As the first NBN switch was turned on in mainland Australia yesterday, Conroy leapt to the defence of the controversial $36bn network, insisting criticism by the opposition is wrong.

He also revealed yesterday the take up among resident in Armidale, NSW the first release site, was 87 per cent.

However, a report in The Australian this morning has indicated that this “take up rate” isn’t all it’s cracked up to be – and the network is revealed to have just over 600 customers although will be “increasing over the next few months,” says  NBN Co’s head of product development, Jim Hassell.

“There isn’t a take-up rate as such; it’s just trials.”

Read NBN Goes Live In NSW, 87 Per Cent Take Up

Broadband speeds are said to be “up to 100 megabits per second” – four times the speed of current fasted available on copper – ADSL2+ at 24 megabits per second.

Malcolm Turnbull, a vocal critic of the broadband rollout, believes broadband can be delivered for at “at least half the cost, if not more”, to taxpayers, a service which he says would be “better faster,” he told ABC radio this week.

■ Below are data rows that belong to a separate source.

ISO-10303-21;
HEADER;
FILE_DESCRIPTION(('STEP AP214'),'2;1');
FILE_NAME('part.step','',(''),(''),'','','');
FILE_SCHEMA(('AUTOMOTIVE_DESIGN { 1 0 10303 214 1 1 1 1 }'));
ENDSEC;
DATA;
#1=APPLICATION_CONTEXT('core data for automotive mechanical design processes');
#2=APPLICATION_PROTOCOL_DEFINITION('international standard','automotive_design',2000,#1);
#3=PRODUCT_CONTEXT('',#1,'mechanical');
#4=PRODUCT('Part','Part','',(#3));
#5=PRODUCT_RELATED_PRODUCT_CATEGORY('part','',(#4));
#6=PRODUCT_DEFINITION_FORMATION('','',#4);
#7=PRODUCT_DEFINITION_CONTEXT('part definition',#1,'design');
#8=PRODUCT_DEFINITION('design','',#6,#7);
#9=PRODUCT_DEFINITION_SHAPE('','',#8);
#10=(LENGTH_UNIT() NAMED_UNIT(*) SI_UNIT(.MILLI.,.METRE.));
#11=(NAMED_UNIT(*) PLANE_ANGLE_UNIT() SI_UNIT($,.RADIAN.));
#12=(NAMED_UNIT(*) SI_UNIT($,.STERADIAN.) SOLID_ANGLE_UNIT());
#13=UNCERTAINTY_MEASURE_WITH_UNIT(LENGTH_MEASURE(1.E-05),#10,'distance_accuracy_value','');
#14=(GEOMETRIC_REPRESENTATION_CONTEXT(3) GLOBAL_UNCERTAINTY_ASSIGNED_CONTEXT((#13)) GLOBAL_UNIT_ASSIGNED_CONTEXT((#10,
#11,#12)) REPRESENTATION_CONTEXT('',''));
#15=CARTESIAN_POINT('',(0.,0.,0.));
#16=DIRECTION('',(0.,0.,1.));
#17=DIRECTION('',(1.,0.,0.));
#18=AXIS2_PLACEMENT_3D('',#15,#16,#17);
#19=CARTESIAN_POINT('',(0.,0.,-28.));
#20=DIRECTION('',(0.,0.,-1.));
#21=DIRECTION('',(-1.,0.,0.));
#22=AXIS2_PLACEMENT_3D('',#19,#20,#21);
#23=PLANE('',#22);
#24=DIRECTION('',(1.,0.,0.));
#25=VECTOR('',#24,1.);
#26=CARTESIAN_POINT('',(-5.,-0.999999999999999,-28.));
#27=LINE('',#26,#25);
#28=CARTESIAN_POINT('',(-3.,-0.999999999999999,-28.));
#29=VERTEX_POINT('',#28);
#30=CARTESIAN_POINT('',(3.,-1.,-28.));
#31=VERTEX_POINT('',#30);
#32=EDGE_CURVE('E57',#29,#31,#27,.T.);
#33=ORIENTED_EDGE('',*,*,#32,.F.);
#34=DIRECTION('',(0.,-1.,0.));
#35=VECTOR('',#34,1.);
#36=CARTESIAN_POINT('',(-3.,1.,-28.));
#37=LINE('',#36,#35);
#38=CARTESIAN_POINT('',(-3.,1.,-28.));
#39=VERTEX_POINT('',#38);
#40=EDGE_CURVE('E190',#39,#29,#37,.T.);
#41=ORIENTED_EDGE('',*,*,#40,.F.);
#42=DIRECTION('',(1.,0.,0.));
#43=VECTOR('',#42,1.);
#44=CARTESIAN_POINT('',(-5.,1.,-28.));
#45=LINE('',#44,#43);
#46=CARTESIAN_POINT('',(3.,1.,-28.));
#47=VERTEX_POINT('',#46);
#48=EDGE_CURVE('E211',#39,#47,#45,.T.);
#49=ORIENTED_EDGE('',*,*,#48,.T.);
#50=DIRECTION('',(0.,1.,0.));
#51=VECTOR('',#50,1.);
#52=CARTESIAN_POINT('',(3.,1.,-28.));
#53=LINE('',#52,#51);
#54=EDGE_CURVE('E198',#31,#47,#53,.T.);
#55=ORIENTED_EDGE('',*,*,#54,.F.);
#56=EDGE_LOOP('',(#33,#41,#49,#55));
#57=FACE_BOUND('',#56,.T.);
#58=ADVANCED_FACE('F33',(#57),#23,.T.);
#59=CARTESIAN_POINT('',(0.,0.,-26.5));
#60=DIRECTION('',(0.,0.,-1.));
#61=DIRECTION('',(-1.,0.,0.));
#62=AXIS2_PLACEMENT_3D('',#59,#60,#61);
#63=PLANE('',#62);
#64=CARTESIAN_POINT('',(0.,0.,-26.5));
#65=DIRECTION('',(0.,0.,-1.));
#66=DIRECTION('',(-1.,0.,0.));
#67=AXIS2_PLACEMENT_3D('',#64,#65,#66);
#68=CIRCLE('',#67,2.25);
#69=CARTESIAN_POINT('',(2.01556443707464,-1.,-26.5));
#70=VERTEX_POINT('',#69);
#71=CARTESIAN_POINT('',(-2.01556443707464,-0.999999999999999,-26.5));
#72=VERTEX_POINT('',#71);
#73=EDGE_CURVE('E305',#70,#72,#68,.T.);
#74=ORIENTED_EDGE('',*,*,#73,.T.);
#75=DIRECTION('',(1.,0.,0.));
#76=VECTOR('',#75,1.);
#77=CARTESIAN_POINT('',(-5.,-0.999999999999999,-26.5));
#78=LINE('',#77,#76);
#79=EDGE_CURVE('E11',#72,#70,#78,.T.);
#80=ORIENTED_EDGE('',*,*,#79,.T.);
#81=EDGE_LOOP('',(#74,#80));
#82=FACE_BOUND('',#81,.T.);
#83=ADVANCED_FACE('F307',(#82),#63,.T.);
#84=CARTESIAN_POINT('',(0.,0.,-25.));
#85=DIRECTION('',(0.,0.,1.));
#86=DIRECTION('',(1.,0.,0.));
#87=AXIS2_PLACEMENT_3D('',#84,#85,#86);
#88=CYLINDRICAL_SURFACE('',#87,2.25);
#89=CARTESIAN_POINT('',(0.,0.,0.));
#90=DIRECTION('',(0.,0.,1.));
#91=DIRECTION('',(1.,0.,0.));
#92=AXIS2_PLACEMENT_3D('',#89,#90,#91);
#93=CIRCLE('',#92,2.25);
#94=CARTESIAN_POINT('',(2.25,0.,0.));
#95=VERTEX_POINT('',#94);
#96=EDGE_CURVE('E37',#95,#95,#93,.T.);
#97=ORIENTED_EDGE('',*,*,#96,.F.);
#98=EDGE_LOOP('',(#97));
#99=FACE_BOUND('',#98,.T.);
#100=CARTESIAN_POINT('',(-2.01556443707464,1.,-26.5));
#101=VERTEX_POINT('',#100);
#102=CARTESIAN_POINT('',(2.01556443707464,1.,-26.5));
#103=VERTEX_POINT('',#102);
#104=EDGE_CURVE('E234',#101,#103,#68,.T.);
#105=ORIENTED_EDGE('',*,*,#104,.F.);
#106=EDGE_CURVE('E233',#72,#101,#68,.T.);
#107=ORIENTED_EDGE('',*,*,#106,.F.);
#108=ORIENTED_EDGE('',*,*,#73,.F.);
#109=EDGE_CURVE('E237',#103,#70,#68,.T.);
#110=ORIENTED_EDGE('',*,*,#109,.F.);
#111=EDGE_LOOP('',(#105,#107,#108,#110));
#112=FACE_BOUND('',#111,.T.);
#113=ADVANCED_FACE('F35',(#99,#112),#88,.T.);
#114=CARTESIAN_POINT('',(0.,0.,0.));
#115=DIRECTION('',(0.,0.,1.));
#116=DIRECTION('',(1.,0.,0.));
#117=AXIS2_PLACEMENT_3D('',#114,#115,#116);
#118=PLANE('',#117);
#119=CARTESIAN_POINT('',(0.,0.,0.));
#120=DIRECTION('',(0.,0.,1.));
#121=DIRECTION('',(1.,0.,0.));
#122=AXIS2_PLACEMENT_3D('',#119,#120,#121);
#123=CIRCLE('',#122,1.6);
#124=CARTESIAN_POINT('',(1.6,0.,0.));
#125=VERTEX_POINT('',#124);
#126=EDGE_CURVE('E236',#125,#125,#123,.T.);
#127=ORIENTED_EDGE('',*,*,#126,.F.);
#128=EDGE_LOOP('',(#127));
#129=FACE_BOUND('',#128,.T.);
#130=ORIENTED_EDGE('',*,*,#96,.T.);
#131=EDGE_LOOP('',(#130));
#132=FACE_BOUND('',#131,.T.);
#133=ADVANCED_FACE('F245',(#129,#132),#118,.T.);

There is a better, faster and much cheaper way of doing it via the existing copper network, Turnbull believes.

So, the NBN if Turnbull and the Liberal party  were at the helm would consist of bringing “the fibre further into the field so that it is sufficiently close to residences to be able to deliver very fast broadband over the copper network – so the distance of the copper is for example a kilometre or less between the end of the fibre and the premises,” he told the radio show yesterday.

However, he failed to specify exactly what speeds it would deliver.

 

The minister insists, however, optic fibre is best technology and wireless or copper cannot match in terms of sheer speeds and says experts back this up.

 “They [experts] will tell you the same thing, wireless is a complement that cannot match the performance, it cannot deliver the speeds that fibre can deliver,” Conroy told Sky News at the Armidale launch yesterday.

“Malcolm knows that as new applications are invented … over the next three to five years you cannot deliver the quality of service, you cannot give equivalent service to residents in Armidale if you build a fibre-to-the-node network.”

Turnbull along with the Liberal party en masse, are major opponents on the $36bn project from the outset, criticising every development on the network to date, on what the former has termed “this risky, complex $50 billion investment,” believing costs will run over.